Resolution of training data vs runtime data

Question/Issue:
I have trained a model using our 1200x1200 images which has a just about reasonable Precision and Recall. It seems to work when tested on the website. However when deployed to an ESP32S3 taking pics at 240x240 it fails to detect anything. What should I change? Is this because the training data is a different resolution from the runtime data?

Project ID:
buzzcopper1

Context/Use case:

Steps Taken:
Image size was set as 240 x 240 in the Image data block of the Impulse.
All training images (1200x1200) were loaded in from a Google Cloud bucket.

Expected Outcome:
When presented with an image containing an Asian Hornet I would expect an inference.

Actual Outcome:
All prediction%s are 0

Reproducibility:

  • [ ] Always

Environment:
ESP32S3

Hello @buzzcopper

do you think you can get an example of the images taken by the ESP32? so you can compare with the ones you used to train the model?

Sometimes it’s not about the resize but about the light or other conditions.

Please try to share examples, so we can try to help you more.

All the images used for training were taken by ESP32 cameras (OV3660) at 1200x1200 in exactly the situation where the inferencing will need to run. I don’t think that is likely to be the problem. It’s not that inferencing doesn’t work most of the time. It doesn’t ever work on my device. The model works well enough in the browser so I think the model is ok.

Initially I tried to inference using images taken at 240x240 but that didn’t work. Then I changed the parameters on the Image processing block to receive 96x96 images, built and downloaded a new model and supplied camera images after resizing using ei::image::processing::crop_and_interpolate_rgb888().
That didn’t work.

I have taken one of the training data images and resized that to 96x96 and stored in snapshot_buf. That didn’t work.

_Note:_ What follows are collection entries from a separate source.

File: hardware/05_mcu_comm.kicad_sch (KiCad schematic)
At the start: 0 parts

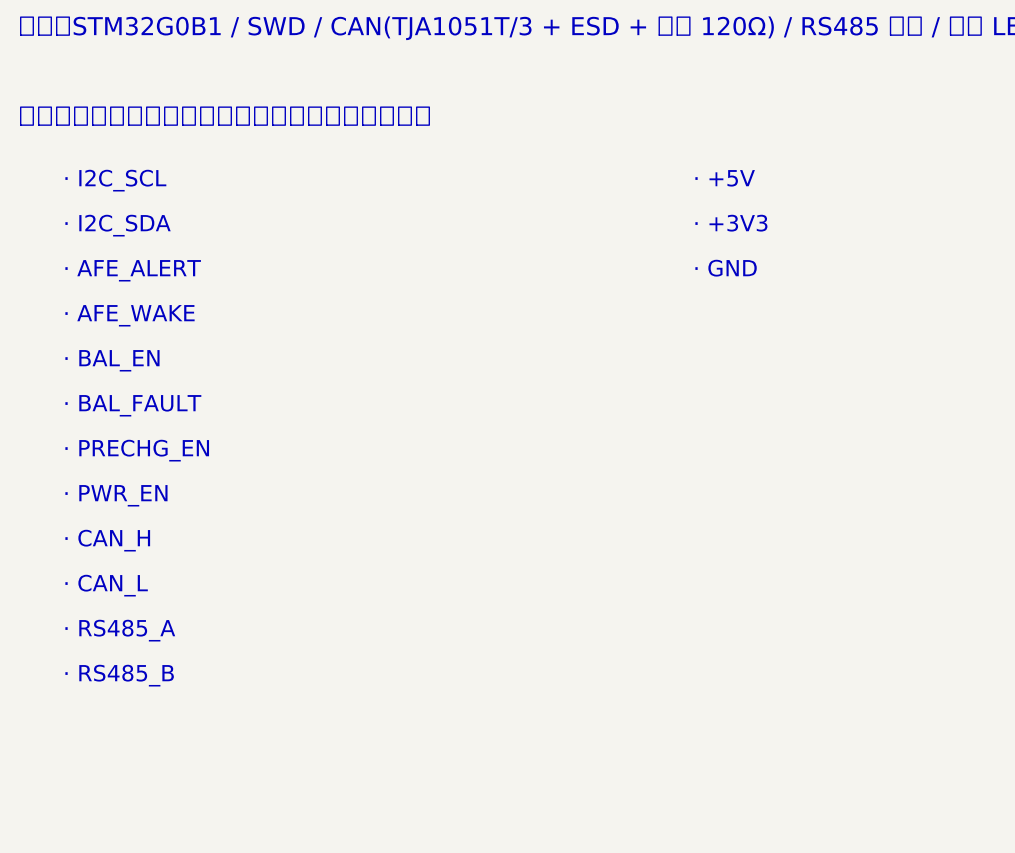
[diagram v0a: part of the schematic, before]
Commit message: v0.3：主动均衡改为 MP2643 ×7（MPS 客供），光耦跨电位控制，逐对均衡策略，BOM 与成本估算
- docs/03：均衡章节按 MP2643 手册 Rev1.1 重写（外围逐件点名、电流/限压计算、光耦接口、线束与发热）
- firmware：7 对 EN/MODE 输出，边界电荷盈亏定方向，相邻不同时开，收敛仿真测试
- tools/bms_calc.py：MP2643 手册公式；tools/jlc_api.py：嘉立创料号接口；tools/cost.py：成本估算
- docs/02-BOM.csv v0.3（81 行，带立创编号与来源），docs/05-成本估算.md
- KiCad 骨架更新（03 子图接口、网络类）

Co-Authored-By: Claude Opus 5.5 <noreply@anthropic.com>
Claude-Session: https://claude.ai/code/session_01EyFjq1nqLUmfVYESj2uYXd
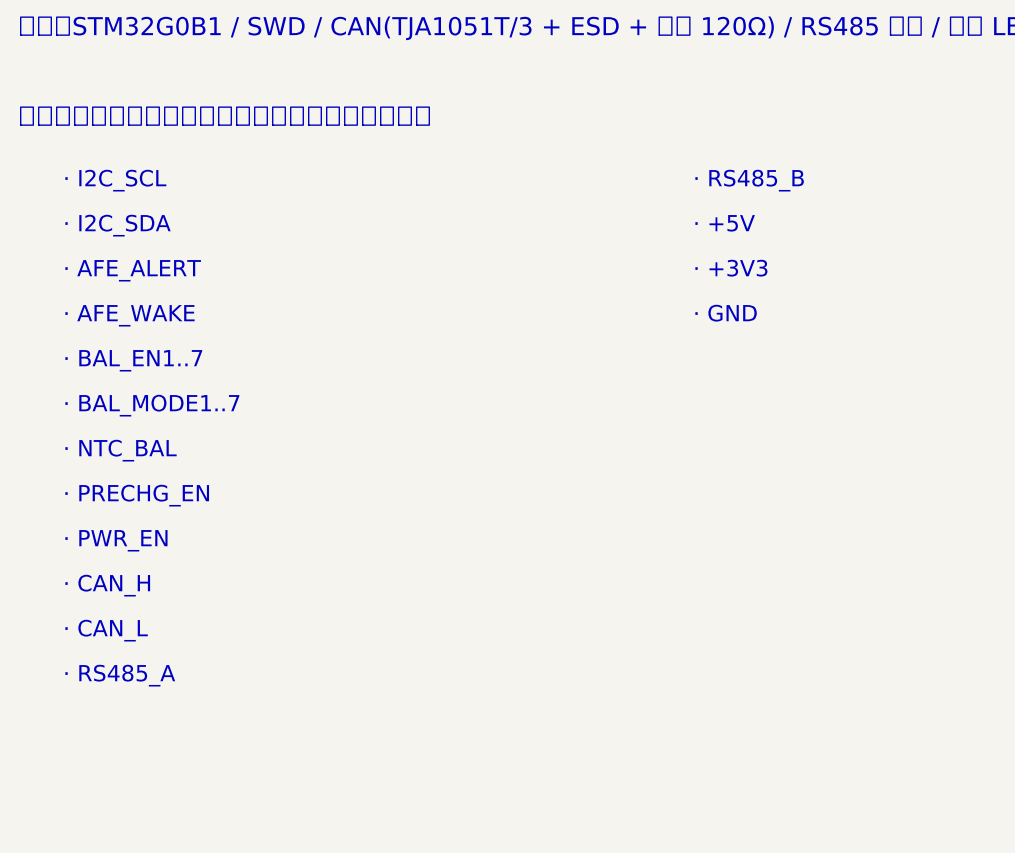
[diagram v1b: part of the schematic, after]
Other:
- note added: "· BAL_EN1..7"
- note added: "· BAL_MODE1..7"
- note added: "· NTC_BAL"
- note removed: "· BAL_EN"
- note removed: "· BAL_FAULT"
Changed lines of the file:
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@@
 		(title "MCU 与通讯")
 		(date "2026-09-26")
-		(rev "v0.2-skeleton")
+		(rev "v0.3-skeleton")
 		(company "MP2645A-BMS")
-		(comment 1 "8S LiFePO4 200A BMS · MPS MP2797 + MP2645A")
+		(comment 1 "8S LiFePO4 200A BMS · MPS MP2797 + MP2643x7")
 	)
 	(text "MCU 与通讯"
@@
 		)
 	)
-	(text "· BAL_EN"
+	(text "· BAL_EN1..7"
 		(exclude_from_sim no)
 		(at 25 72 0)
@@
 		)
 	)
-	(text "· BAL_FAULT"
+	(text "· BAL_MODE1..7"
 		(exclude_from_sim no)
 		(at 25 77 0)
@@
 		)
 	)
-	(text "· PRECHG_EN"
+	(text "· NTC_BAL"
 		(exclude_from_sim no)
 		(at 25 82 0)
@@
 		)
 	)
-	(text "· PWR_EN"
+	(text "· PRECHG_EN"
 		(exclude_from_sim no)
 		(at 25 87 0)
@@
 		)
 	)
-	(text "· CAN_H"
+	(text "· PWR_EN"
 		(exclude_from_sim no)
 		(at 25 92 0)
@@
 		)
 	)
-	(text "· CAN_L"
+	(text "· CAN_H"
 		(exclude_from_sim no)
 		(at 25 97 0)
@@
 		)
 	)
-	(text "· RS485_A"
+	(text "· CAN_L"
 		(exclude_from_sim no)
 		(at 25 102 0)
@@
 		)
 	)
-	(text "· RS485_B"
+	(text "· RS485_A"
 		(exclude_from_sim no)
 		(at 25 107 0)
@@
 		)
 	)
-	(text "· +5V"
+	(text "· RS485_B"
 		(exclude_from_sim no)
 		(at 95 52 0)
@@
 		)
 	)
-	(text "· +3V3"
+	(text "· +5V"
 		(exclude_from_sim no)
 		(at 95 57 0)
@@
 		)
 	)
-	(text "· GND"
+	(text "· +3V3"
 		(exclude_from_sim no)
 		(at 95 62 0)
 		(effects
 			(font
+				(size 1.8 1.8)
+			)
+			(justify left top)
+		)
+	)
+	(text "· GND"
+		(exclude_from_sim no)
+		(at 95 67 0)
+		(effects
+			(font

I have also tried to simply pass in the hexadecimal Raw Features list copied from one of the training data images. I assumed each of the hexadecimal Feature values is an RGB triplet which I then used to fill the snapshot_buf[] instead of the camera. However, that doesn’t work either.

I feel sure there is a simple thing I’ve got wrong.

As I’m using an ESP32S3 I think 240x240 images should work and that the difference between my training data image resolution and the resolution of my inference targets is probably not the problem now.

I have found the problem.

The Arduino library example sketch esp32/esp32_camera uses EI_CLASSIFIER_OBJECT_DETECTION to control whether bounding boxes are displayed or not. I set it to 0 at some point to suppress bounding box printf chatter. I was unaware that it effectively turns off object detection entirely.

1 Like

Thanks for sharing the issue @buzzcopper

Glad that the project is working properly now!

Would you mind to share more about the project? I really love this type of projects :slight_smile:

Sure. There is an outline of the project at https://buzzcopper.org

The problem we are addressing is the attempted eradication of the Asian Hornet (Vespa Velutina) from the UK and potentially Europe too. Maybe US too if all goes well.

We are trying to produce large numbers of really cheap devices based around the ESP32S3 so we can both supply individuals who want to help out by putting one in their garden and hang them up in remote woodland etc where Asian Hornets may already have established a foothold.

I started off two years ago using Edge Impulse to build a sound recognition AI model. This worked reasonably well on the bench but there were too many false positives when testing outside. I dropped the sound recognition as only images will trigger the UK authorities to act.

For some while I tried to capture images, upload them to Google Cloud Storage and get them classified by Google Vision but that was not cost-effective or accurate. So now I am building a new image model using Edge Impulse once again to allow object detection on the device.

This is a not-for-profit project.

1 Like

This is a fantastic project @buzzcopper

Looking forward to read the instructions to build it myself and test it in my place in Barcelona!

I need to get the AI model working properly before I can open it up to wider usage as currently it costs me gbp0.01 per image screened through Google vision.
If you can help with that we can send you a kit of parts and instructions to make one.

I understand there are Asian hornets in Barcelona so you’re in a good place to help with field testing

Regards
Jon

Thanks @buzzcopper I have a question! why do you use Google Vision?

And sadly there are many Asian Hornets in Barcelona :frowning:

I used Googlevision initially because it seemed to work quite well at identifying Asian hornets from the pictures I could find of Asian hornets on the Web. But that was all part of its training data so it would. I couldn’t train a model without training data and I had none.

So the firmware that we have been field testing has used simple machine vision processing on the device to spot new insect shaped blobs and then Google vision to try and identify them (usually wrongly) but all images were saved to a Google cloud storage bucket. We now have hundreds of training data images so we can build a model and cut out Google vision.